Print the entries in full, word for word, but not the pictures.

[Given entries]
——————
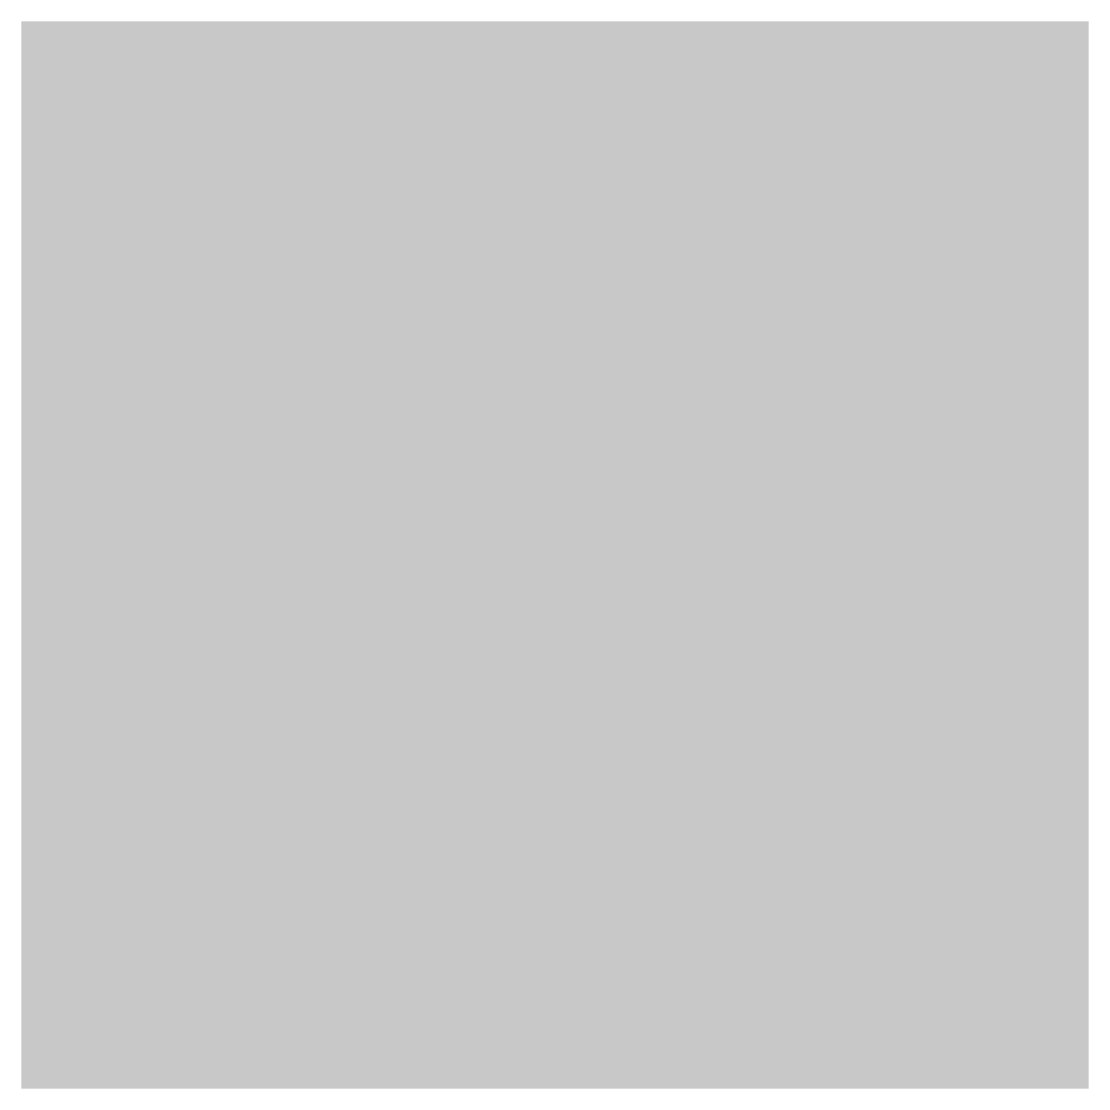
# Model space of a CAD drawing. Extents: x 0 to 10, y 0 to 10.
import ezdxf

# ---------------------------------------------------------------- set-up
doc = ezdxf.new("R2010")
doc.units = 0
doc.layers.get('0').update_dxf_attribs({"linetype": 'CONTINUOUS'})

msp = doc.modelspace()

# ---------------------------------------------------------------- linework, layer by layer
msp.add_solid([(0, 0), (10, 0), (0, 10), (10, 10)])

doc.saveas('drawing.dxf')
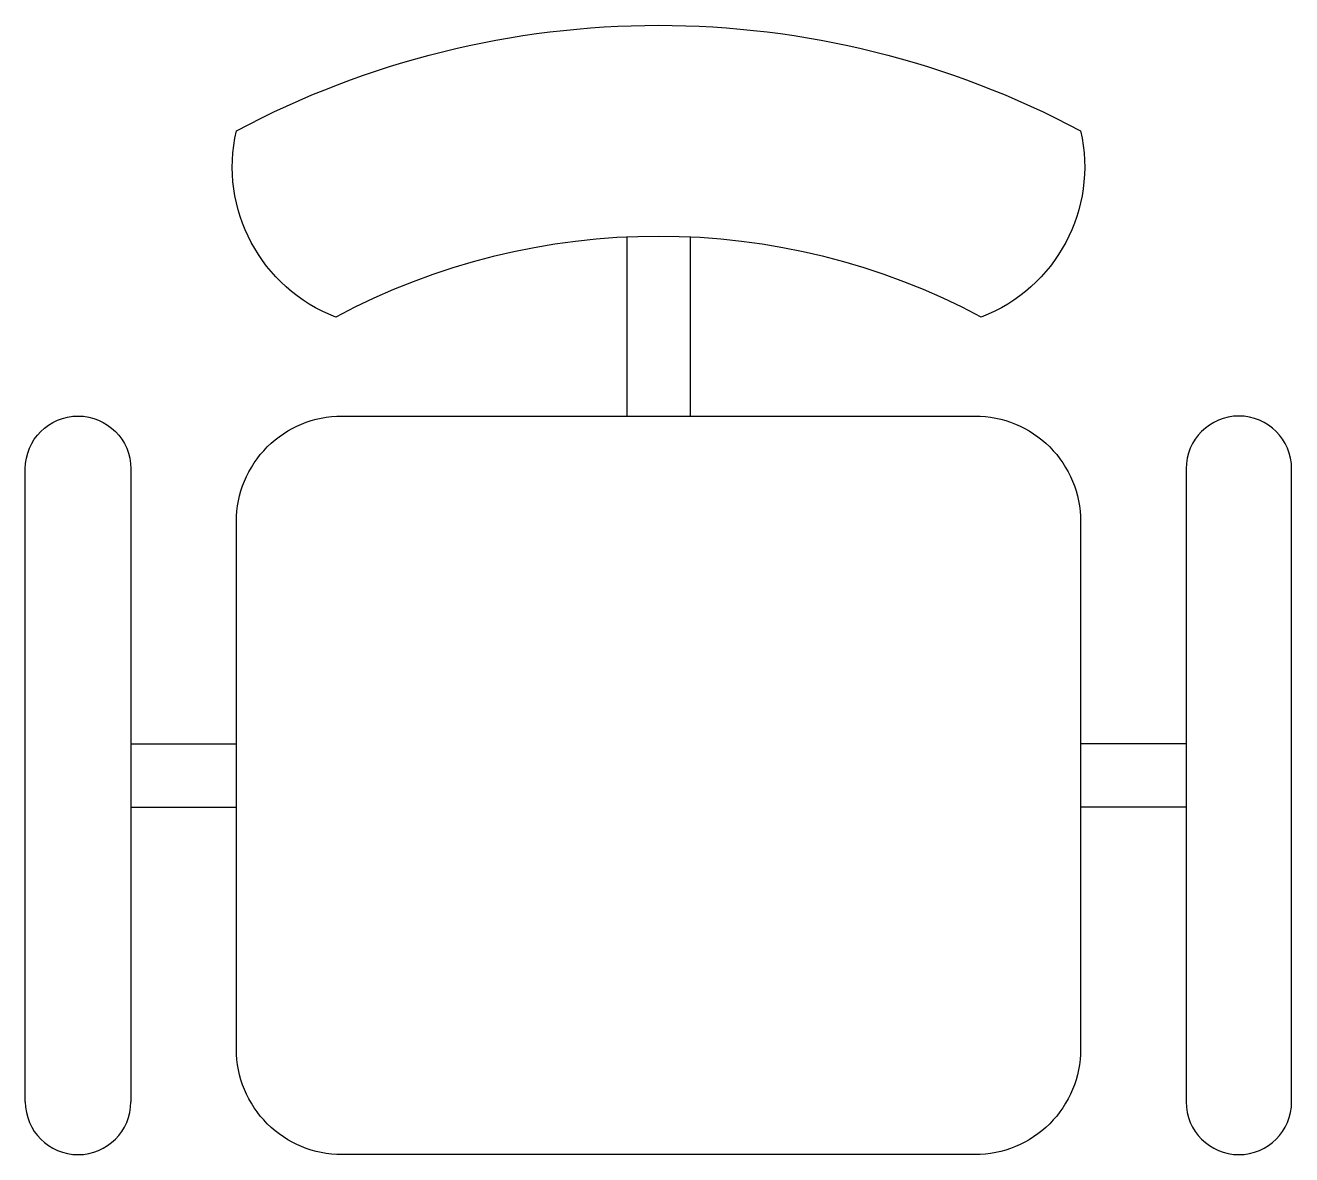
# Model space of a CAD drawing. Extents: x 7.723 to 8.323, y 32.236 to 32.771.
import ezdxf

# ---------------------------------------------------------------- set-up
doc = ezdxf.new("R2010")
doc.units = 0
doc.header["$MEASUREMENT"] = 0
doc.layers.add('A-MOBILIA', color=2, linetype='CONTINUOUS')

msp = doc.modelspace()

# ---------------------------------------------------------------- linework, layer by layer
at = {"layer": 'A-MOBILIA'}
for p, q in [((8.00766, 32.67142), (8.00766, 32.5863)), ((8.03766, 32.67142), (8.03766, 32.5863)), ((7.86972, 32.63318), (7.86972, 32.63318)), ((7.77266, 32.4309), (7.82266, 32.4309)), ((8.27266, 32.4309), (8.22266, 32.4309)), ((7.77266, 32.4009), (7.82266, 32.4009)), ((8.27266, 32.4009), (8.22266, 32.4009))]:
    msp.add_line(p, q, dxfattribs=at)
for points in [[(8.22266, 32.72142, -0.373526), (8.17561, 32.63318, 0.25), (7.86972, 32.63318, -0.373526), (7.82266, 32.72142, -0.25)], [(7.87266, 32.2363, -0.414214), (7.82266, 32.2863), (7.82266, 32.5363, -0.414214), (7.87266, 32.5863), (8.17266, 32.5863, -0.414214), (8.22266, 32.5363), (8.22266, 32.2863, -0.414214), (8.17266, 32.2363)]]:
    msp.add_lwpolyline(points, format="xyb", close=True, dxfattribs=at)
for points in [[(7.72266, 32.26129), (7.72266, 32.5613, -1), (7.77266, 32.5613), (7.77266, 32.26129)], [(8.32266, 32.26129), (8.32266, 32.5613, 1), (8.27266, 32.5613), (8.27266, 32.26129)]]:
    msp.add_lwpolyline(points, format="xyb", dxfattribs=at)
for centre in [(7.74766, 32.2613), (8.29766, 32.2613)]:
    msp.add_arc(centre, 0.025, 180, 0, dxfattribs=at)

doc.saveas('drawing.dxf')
——————
[Response to the task]
# Model space of a CAD drawing. Extents: x 0 to 10, y 0 to 10.
import ezdxf

# ---------------------------------------------------------------- set-up
doc = ezdxf.new("R2010")
doc.units = 0
doc.layers.get('0').update_dxf_attribs({"linetype": 'CONTINUOUS'})

msp = doc.modelspace()

# ---------------------------------------------------------------- linework, layer by layer
msp.add_solid([(0, 0), (10, 0), (0, 10), (10, 10)])

doc.saveas('drawing.dxf')
# Model space of a CAD drawing. Extents: x 7.723 to 8.323, y 32.236 to 32.771.
import ezdxf

# ---------------------------------------------------------------- set-up
doc = ezdxf.new("R2010")
doc.units = 0
doc.header["$MEASUREMENT"] = 0
doc.layers.add('A-MOBILIA', color=2, linetype='CONTINUOUS')

msp = doc.modelspace()

# ---------------------------------------------------------------- linework, layer by layer
at = {"layer": 'A-MOBILIA'}
for p, q in [((8.00766, 32.67142), (8.00766, 32.5863)), ((8.03766, 32.67142), (8.03766, 32.5863)), ((7.86972, 32.63318), (7.86972, 32.63318)), ((7.77266, 32.4309), (7.82266, 32.4309)), ((8.27266, 32.4309), (8.22266, 32.4309)), ((7.77266, 32.4009), (7.82266, 32.4009)), ((8.27266, 32.4009), (8.22266, 32.4009))]:
    msp.add_line(p, q, dxfattribs=at)
for points in [[(8.22266, 32.72142, -0.373526), (8.17561, 32.63318, 0.25), (7.86972, 32.63318, -0.373526), (7.82266, 32.72142, -0.25)], [(7.87266, 32.2363, -0.414214), (7.82266, 32.2863), (7.82266, 32.5363, -0.414214), (7.87266, 32.5863), (8.17266, 32.5863, -0.414214), (8.22266, 32.5363), (8.22266, 32.2863, -0.414214), (8.17266, 32.2363)]]:
    msp.add_lwpolyline(points, format="xyb", close=True, dxfattribs=at)
for points in [[(7.72266, 32.26129), (7.72266, 32.5613, -1), (7.77266, 32.5613), (7.77266, 32.26129)], [(8.32266, 32.26129), (8.32266, 32.5613, 1), (8.27266, 32.5613), (8.27266, 32.26129)]]:
    msp.add_lwpolyline(points, format="xyb", dxfattribs=at)
for centre in [(7.74766, 32.2613), (8.29766, 32.2613)]:
    msp.add_arc(centre, 0.025, 180, 0, dxfattribs=at)

doc.saveas('drawing.dxf')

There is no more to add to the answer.